== WORK ITEM ==
For the listing below, output exactly the lines from the line with "#26296 = VECTOR" up to and including the line with "#42305 = EDGE_CURVE", and no other lines.

== GIVEN RECORDS ==
Segment Open
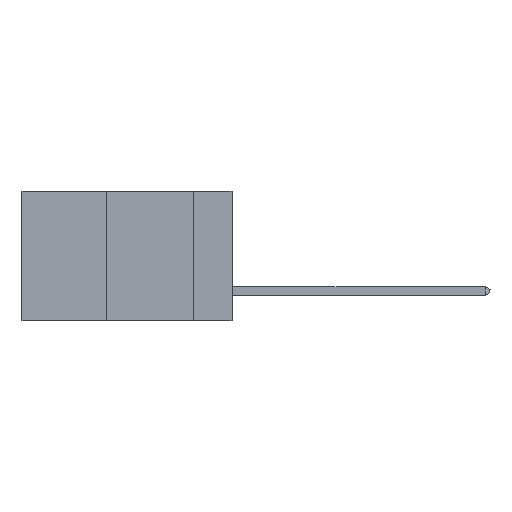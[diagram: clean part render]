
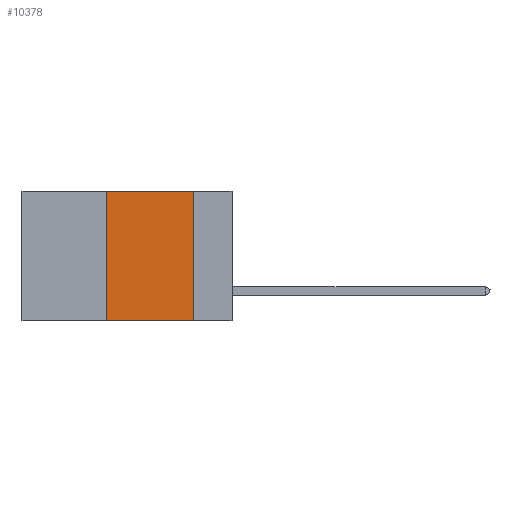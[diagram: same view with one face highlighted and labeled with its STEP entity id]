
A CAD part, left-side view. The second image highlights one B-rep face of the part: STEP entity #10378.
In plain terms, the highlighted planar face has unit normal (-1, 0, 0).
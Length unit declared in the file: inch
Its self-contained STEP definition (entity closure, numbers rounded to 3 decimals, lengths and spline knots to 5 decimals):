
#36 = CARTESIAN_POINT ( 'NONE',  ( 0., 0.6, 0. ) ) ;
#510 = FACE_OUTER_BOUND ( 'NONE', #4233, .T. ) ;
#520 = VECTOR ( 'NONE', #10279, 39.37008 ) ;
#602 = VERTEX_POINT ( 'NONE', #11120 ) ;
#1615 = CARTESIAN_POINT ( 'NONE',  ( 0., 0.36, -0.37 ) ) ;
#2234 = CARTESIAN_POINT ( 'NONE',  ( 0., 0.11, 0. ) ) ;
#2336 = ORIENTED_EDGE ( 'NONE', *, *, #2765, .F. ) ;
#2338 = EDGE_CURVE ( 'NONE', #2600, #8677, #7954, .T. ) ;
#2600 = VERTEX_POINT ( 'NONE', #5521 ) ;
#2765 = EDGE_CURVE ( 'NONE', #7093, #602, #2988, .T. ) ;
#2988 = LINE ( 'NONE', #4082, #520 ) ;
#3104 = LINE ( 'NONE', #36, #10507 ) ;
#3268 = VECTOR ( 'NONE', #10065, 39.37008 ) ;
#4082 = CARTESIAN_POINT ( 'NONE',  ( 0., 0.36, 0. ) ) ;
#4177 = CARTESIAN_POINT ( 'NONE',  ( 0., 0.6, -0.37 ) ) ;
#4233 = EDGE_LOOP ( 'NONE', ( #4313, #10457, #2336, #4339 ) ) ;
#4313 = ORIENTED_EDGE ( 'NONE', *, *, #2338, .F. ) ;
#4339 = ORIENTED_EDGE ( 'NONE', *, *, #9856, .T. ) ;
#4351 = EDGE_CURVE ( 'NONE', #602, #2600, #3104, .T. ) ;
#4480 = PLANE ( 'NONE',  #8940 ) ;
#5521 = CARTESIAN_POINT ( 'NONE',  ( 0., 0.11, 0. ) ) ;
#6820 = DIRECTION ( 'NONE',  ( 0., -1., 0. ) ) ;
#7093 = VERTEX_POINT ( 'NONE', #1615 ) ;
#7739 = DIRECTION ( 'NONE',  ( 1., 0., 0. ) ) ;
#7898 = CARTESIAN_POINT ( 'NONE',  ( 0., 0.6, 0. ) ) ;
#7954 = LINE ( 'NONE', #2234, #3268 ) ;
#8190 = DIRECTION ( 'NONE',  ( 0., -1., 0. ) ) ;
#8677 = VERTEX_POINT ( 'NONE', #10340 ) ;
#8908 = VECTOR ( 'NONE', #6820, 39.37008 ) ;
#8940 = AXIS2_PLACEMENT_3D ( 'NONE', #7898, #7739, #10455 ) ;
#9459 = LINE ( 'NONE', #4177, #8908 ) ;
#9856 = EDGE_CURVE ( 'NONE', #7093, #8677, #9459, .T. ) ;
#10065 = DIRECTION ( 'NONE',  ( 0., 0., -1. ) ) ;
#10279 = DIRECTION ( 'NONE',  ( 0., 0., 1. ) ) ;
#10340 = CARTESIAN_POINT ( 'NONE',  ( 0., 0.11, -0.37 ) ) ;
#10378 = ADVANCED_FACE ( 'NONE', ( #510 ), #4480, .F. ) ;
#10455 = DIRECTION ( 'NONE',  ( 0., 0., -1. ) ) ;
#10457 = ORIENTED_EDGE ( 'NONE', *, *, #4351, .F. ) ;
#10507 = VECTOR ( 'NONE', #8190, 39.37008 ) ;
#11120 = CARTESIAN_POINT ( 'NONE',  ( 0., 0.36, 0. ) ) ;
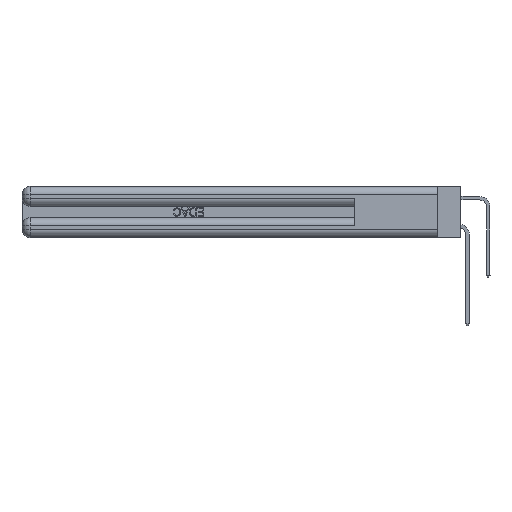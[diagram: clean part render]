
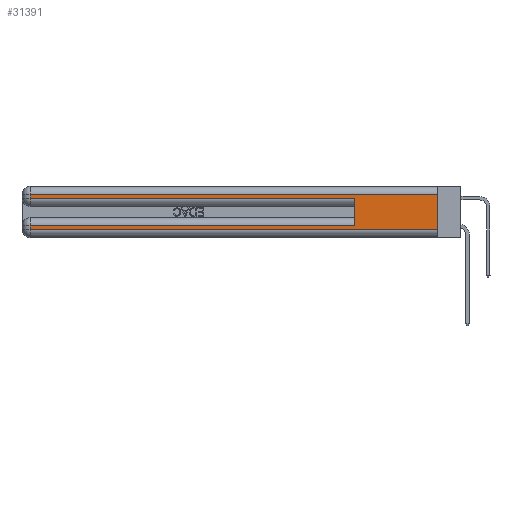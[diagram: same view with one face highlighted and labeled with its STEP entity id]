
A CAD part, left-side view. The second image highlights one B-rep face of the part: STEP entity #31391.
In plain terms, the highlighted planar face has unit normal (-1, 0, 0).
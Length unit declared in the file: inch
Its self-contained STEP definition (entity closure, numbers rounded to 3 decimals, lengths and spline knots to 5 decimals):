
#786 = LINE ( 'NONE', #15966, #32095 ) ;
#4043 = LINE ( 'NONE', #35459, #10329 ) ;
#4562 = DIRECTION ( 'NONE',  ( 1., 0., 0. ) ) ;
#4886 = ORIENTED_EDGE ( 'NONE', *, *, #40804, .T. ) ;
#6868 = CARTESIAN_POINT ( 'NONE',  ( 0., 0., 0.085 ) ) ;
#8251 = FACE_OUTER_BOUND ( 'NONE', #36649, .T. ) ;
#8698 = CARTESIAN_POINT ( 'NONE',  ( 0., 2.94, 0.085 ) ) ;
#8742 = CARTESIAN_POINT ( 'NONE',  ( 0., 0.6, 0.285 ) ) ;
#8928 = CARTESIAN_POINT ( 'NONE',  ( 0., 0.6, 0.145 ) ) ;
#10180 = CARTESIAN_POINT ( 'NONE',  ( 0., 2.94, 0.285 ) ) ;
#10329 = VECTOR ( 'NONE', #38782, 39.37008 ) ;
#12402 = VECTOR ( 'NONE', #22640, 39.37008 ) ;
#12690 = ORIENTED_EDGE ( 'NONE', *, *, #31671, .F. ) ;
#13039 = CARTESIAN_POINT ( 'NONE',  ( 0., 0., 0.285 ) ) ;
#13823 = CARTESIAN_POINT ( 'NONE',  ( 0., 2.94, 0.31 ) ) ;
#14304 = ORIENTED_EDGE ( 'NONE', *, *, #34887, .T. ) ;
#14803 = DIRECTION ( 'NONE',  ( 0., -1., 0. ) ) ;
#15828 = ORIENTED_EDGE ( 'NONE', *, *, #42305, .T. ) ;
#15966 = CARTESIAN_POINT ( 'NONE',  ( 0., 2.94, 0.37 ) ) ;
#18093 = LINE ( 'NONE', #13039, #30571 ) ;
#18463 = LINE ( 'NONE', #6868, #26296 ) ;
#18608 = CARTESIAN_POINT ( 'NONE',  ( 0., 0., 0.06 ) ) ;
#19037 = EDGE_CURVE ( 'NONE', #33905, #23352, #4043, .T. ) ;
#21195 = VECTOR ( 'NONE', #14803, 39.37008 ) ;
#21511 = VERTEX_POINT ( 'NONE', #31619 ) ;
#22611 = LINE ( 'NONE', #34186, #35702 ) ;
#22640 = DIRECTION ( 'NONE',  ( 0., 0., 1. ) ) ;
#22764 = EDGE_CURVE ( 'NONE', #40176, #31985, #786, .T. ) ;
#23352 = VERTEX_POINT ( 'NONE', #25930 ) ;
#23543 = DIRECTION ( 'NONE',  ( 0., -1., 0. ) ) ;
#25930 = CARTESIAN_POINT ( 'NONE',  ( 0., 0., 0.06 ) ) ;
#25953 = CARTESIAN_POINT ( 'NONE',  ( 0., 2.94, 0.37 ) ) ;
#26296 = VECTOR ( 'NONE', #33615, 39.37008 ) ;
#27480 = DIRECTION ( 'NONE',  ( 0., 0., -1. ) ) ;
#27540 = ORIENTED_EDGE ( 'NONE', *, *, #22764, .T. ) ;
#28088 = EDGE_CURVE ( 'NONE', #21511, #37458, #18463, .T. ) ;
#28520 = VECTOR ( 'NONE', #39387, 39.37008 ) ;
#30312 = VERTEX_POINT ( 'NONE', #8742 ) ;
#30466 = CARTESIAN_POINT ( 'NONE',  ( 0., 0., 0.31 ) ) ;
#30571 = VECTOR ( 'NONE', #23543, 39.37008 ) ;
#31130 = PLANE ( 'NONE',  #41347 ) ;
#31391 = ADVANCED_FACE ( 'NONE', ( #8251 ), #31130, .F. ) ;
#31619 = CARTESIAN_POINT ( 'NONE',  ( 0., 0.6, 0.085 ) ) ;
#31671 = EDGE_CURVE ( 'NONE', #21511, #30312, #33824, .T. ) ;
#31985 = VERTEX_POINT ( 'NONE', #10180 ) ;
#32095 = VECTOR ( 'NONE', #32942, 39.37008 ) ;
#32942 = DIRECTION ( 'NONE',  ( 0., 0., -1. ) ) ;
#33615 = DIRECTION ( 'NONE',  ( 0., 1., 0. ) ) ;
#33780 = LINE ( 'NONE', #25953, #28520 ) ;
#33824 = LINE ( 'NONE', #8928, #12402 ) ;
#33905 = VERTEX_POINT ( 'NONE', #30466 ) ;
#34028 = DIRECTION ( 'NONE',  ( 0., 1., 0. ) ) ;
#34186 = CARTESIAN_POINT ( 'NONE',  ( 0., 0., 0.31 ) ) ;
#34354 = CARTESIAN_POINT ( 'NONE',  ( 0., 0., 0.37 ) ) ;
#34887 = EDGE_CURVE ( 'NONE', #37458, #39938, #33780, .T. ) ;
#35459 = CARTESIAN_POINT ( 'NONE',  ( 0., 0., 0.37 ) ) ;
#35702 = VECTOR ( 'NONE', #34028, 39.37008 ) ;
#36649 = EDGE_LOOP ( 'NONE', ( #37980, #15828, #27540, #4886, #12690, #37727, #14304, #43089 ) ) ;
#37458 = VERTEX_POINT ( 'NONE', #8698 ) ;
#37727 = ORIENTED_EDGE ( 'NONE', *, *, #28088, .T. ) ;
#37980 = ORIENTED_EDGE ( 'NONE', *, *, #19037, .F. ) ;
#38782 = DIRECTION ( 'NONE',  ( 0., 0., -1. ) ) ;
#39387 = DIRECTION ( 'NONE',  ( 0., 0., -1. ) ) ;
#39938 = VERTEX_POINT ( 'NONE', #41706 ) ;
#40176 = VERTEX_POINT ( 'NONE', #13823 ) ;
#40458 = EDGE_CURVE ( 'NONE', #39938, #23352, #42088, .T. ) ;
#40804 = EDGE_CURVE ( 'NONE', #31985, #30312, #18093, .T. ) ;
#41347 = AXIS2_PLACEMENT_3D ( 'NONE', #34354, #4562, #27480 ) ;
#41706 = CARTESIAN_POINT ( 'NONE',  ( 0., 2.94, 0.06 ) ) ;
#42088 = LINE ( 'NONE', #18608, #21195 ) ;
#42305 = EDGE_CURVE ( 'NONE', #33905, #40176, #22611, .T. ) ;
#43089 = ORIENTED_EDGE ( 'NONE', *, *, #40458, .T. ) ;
Segment Closed
== ANSWER BOX ==
#26296 = VECTOR ( 'NONE', #33615, 39.37008 ) ;
#27480 = DIRECTION ( 'NONE',  ( 0., 0., -1. ) ) ;
#27540 = ORIENTED_EDGE ( 'NONE', *, *, #22764, .T. ) ;
#28088 = EDGE_CURVE ( 'NONE', #21511, #37458, #18463, .T. ) ;
#28520 = VECTOR ( 'NONE', #39387, 39.37008 ) ;
#30312 = VERTEX_POINT ( 'NONE', #8742 ) ;
#30466 = CARTESIAN_POINT ( 'NONE',  ( 0., 0., 0.31 ) ) ;
#30571 = VECTOR ( 'NONE', #23543, 39.37008 ) ;
#31130 = PLANE ( 'NONE',  #41347 ) ;
#31391 = ADVANCED_FACE ( 'NONE', ( #8251 ), #31130, .F. ) ;
#31619 = CARTESIAN_POINT ( 'NONE',  ( 0., 0.6, 0.085 ) ) ;
#31671 = EDGE_CURVE ( 'NONE', #21511, #30312, #33824, .T. ) ;
#31985 = VERTEX_POINT ( 'NONE', #10180 ) ;
#32095 = VECTOR ( 'NONE', #32942, 39.37008 ) ;
#32942 = DIRECTION ( 'NONE',  ( 0., 0., -1. ) ) ;
#33615 = DIRECTION ( 'NONE',  ( 0., 1., 0. ) ) ;
#33780 = LINE ( 'NONE', #25953, #28520 ) ;
#33824 = LINE ( 'NONE', #8928, #12402 ) ;
#33905 = VERTEX_POINT ( 'NONE', #30466 ) ;
#34028 = DIRECTION ( 'NONE',  ( 0., 1., 0. ) ) ;
#34186 = CARTESIAN_POINT ( 'NONE',  ( 0., 0., 0.31 ) ) ;
#34354 = CARTESIAN_POINT ( 'NONE',  ( 0., 0., 0.37 ) ) ;
#34887 = EDGE_CURVE ( 'NONE', #37458, #39938, #33780, .T. ) ;
#35459 = CARTESIAN_POINT ( 'NONE',  ( 0., 0., 0.37 ) ) ;
#35702 = VECTOR ( 'NONE', #34028, 39.37008 ) ;
#36649 = EDGE_LOOP ( 'NONE', ( #37980, #15828, #27540, #4886, #12690, #37727, #14304, #43089 ) ) ;
#37458 = VERTEX_POINT ( 'NONE', #8698 ) ;
#37727 = ORIENTED_EDGE ( 'NONE', *, *, #28088, .T. ) ;
#37980 = ORIENTED_EDGE ( 'NONE', *, *, #19037, .F. ) ;
#38782 = DIRECTION ( 'NONE',  ( 0., 0., -1. ) ) ;
#39387 = DIRECTION ( 'NONE',  ( 0., 0., -1. ) ) ;
#39938 = VERTEX_POINT ( 'NONE', #41706 ) ;
#40176 = VERTEX_POINT ( 'NONE', #13823 ) ;
#40458 = EDGE_CURVE ( 'NONE', #39938, #23352, #42088, .T. ) ;
#40804 = EDGE_CURVE ( 'NONE', #31985, #30312, #18093, .T. ) ;
#41347 = AXIS2_PLACEMENT_3D ( 'NONE', #34354, #4562, #27480 ) ;
#41706 = CARTESIAN_POINT ( 'NONE',  ( 0., 2.94, 0.06 ) ) ;
#42088 = LINE ( 'NONE', #18608, #21195 ) ;
#42305 = EDGE_CURVE ( 'NONE', #33905, #40176, #22611, .T. ) ;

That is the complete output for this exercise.